Edit: Also, I turned on DEBUG for the times you mentioned, but I can't upload the log files to this forum because they are too large.

Edit 2: Sorry, I just realized I put the wrong IP for the Ignition server in this post above. I have corrected it. The correct IP is 10.160.79.60.

Kevin.Herron · November 29, 2021, 7:15pm

I can’t fully explain what is going on in the capture. Twice, it shows the driver connecting, browsing, then a ~15 second delay before a ListIdentity request is issued followed by what appears to be the client disconnecting.

The ListIdentity is issued as a keep-alive when the connection is otherwise quiet, and although it appears to succeed in the Wireshark capture, it seems the driver thinks it failed for some reason. If you can turn the logger com.digitalpetri.enip.EtherNetIpClient to DEBUG it might show more information about why.

At this point the driver transitions to an “Idle” state, which means it’s waiting for something to try to use the connection before reconnecting.

That nothing is trying to use the connection seems to be a separate issue… do you have tags subscribed against this driver?

pturmel · November 29, 2021, 7:15pm

I am curious what you find, Kevin. The FIN comes immediately after a List Identity reply that contains CPF type code 0x0086.

Kevin.Herron · November 29, 2021, 7:17pm

Ah, I saw that, but now that you mention it I do remember having to add support for that item to the ENIP library. Need to see what version that happened in…

rbachman · November 29, 2021, 7:20pm

So we might be making progress. We have installed the trial version of a module for switching from class 3 to class 1 communication.
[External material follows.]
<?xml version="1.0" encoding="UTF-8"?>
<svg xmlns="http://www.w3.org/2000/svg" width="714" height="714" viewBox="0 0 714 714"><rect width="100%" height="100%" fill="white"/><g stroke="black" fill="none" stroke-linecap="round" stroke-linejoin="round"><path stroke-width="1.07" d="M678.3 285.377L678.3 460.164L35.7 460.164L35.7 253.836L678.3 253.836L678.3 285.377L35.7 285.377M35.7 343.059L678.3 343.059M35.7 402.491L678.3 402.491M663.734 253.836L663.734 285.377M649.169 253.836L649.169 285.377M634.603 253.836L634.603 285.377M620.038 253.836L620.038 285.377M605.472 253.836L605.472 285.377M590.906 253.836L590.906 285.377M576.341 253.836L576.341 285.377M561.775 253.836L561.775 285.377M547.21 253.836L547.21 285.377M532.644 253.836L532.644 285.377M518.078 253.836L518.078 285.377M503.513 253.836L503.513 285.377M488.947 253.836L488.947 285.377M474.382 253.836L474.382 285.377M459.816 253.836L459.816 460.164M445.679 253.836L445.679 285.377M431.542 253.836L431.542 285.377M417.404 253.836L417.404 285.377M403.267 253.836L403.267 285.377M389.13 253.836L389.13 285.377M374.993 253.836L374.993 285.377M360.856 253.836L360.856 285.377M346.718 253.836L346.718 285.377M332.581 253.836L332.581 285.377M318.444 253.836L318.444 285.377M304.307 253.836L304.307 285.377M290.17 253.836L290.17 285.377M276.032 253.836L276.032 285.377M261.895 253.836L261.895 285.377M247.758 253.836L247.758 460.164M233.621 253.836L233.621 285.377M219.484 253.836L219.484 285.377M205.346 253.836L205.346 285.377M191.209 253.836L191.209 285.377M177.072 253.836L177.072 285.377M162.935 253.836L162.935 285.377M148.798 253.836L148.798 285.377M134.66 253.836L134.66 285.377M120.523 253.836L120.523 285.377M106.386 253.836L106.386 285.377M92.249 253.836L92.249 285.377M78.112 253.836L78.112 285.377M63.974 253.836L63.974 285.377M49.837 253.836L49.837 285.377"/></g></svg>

The IA tech (Alex) who was looking at my coworkers screen indicated that something appeared to be blocking a thread, so we deleted that device (not the module) and restarted the gateway. So far, it appears that the gateway has maintained the connection to the PLCs.

pturmel · November 29, 2021, 7:20pm

Volume 2 Edition 1.27 April 2021. Not in Edition 1.25 Nov 2019. I’m missing Edition 1.26 for some reason.

rbachman · November 29, 2021, 7:21pm

For the new device, no, we did not have anything subscribed against it. However, we have hundreds or thousands of tags subscribed for many of the other PLCs that were listed as idle.

pturmel · November 29, 2021, 7:22pm

I would be very interested in a bug report for that class 1 module…

rbachman · November 29, 2021, 7:24pm

I think I can get that for you. I’ve downloaded the logs a couple of times. Also, here is a thread dump from when we were seeing the blocked threads.

EPWM-Ignition_thread_dump20211129-140214.zip (128.3 KB)

rbachman · November 29, 2021, 7:25pm

How would I go about getting the bug report to you?

Kevin.Herron · November 29, 2021, 7:25pm

It doesn’t look like the Logix driver uses a new enough version of the ENIP library to support that CIP security item in the ListIdentity response, and when coupled with a device with no tags or a long enough period with no activity the keep-alive kicking in and issuing a ListIdentity request is causing this.

Not sure about the other devices though.